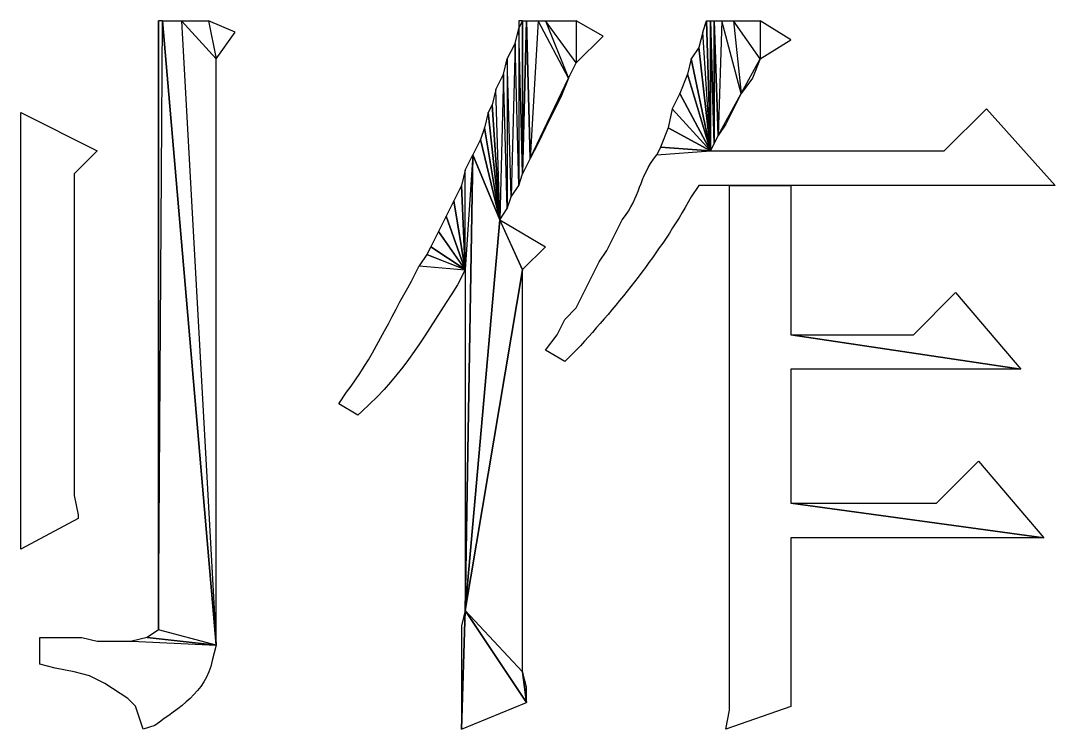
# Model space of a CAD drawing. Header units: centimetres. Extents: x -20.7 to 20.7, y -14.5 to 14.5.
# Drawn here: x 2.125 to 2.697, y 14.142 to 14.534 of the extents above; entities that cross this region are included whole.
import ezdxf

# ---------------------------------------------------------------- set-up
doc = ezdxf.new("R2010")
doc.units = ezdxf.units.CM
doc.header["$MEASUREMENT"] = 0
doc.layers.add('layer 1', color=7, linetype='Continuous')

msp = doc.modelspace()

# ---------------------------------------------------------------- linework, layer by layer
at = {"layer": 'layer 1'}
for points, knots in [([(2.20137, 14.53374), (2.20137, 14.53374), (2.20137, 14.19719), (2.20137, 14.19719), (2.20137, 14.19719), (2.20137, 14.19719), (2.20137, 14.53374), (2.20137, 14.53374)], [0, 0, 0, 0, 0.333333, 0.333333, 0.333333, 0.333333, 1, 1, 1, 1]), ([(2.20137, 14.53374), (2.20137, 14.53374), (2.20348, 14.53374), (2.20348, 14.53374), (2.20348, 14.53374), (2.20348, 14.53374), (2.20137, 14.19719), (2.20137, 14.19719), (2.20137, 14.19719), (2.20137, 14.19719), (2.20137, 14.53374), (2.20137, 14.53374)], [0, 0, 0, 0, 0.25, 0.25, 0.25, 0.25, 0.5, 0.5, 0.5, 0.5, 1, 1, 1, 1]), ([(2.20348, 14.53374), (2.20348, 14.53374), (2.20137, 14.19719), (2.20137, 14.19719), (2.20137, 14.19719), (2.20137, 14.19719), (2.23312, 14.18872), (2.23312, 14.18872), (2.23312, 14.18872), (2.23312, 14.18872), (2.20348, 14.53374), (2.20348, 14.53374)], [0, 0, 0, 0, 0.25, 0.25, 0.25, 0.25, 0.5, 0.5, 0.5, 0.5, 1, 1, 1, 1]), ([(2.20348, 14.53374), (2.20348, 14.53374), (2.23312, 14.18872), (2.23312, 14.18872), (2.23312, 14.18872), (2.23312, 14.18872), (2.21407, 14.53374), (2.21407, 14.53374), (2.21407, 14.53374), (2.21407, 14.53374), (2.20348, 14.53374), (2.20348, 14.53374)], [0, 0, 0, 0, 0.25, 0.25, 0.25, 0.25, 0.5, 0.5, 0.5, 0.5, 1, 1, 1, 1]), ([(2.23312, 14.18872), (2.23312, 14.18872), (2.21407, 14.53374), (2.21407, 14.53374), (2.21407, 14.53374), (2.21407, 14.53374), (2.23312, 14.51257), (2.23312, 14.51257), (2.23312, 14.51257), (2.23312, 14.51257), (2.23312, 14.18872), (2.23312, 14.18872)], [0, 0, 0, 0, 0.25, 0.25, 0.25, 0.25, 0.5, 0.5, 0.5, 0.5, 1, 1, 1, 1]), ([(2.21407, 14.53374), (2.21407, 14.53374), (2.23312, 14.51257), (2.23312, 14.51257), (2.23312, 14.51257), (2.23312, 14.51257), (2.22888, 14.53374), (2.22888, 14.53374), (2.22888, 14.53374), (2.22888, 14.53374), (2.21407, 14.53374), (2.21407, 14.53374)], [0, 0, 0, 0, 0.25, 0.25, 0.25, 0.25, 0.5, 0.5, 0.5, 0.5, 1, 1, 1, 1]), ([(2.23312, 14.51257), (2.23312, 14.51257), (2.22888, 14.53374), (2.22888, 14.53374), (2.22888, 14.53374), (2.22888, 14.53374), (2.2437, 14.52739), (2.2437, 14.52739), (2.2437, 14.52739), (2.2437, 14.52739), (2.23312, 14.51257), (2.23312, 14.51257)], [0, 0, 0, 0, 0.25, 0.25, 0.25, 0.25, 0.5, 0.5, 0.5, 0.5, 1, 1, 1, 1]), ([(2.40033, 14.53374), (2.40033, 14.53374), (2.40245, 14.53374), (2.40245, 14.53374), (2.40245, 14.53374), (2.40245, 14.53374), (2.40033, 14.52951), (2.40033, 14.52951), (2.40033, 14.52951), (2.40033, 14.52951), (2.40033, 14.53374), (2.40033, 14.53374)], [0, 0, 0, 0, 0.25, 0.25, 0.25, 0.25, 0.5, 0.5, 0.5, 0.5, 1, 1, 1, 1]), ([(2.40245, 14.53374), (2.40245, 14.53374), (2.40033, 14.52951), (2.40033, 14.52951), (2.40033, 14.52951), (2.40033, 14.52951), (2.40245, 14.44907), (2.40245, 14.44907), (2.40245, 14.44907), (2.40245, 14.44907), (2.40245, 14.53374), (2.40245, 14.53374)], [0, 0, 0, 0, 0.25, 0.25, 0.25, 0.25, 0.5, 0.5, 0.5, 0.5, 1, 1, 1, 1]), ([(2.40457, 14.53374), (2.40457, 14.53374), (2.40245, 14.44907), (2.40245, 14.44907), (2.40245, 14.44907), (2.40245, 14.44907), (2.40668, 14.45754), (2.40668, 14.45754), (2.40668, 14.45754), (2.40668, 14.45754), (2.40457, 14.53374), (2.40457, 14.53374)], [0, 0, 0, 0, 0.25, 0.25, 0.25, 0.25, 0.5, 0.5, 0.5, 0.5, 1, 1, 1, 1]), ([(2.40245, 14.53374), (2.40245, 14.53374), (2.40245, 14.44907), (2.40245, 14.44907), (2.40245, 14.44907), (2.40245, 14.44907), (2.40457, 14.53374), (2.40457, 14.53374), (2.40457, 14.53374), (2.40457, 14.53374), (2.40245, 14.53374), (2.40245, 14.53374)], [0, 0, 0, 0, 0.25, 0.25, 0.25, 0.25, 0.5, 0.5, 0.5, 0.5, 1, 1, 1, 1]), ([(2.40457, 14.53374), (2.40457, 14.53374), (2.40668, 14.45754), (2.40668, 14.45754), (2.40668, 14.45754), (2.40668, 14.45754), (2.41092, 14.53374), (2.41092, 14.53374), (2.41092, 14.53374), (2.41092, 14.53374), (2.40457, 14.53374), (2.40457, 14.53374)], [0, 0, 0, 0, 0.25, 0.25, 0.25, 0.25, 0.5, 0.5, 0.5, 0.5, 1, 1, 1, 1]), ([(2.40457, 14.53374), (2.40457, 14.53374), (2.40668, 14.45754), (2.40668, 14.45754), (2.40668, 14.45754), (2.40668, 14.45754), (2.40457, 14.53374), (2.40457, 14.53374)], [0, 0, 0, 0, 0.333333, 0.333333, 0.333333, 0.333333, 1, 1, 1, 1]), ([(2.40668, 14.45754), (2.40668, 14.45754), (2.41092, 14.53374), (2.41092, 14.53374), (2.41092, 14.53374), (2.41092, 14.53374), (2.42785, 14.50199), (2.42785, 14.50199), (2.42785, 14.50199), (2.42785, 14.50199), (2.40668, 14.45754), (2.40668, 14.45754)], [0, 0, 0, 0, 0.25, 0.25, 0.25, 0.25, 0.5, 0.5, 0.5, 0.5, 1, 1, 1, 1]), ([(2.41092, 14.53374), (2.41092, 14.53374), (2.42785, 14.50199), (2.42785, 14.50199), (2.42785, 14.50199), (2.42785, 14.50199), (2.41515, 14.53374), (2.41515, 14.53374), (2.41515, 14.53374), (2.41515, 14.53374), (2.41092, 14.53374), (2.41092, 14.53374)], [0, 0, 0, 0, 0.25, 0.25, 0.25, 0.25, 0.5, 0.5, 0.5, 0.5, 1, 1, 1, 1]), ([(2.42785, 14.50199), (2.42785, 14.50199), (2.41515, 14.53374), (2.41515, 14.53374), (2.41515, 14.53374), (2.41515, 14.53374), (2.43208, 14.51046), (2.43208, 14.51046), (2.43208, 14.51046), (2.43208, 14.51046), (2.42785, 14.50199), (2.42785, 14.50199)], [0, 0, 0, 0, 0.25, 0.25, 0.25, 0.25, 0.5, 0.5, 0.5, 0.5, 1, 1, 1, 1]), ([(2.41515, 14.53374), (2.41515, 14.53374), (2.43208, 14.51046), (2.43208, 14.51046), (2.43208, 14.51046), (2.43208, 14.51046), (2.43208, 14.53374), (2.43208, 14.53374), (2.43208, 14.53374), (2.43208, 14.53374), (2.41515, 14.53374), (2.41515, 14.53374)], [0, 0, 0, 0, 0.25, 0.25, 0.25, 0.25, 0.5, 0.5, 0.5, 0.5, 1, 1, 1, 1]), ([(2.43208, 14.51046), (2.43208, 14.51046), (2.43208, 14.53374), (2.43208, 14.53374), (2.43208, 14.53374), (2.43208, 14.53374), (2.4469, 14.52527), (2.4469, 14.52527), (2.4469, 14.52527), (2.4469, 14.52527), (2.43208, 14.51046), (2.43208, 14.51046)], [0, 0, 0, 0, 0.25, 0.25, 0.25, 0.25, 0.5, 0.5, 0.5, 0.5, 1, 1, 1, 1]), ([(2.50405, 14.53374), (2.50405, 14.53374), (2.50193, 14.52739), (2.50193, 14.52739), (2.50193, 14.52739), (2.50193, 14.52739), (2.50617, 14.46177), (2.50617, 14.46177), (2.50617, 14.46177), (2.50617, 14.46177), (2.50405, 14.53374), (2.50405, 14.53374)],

__________

◆ **Exercise prompt**
Scan the lines above for the word "ezdxf". Return each one that has it.

◆ **Exercise solution**
import ezdxf
doc = ezdxf.new("R2010")
doc.units = ezdxf.units.CM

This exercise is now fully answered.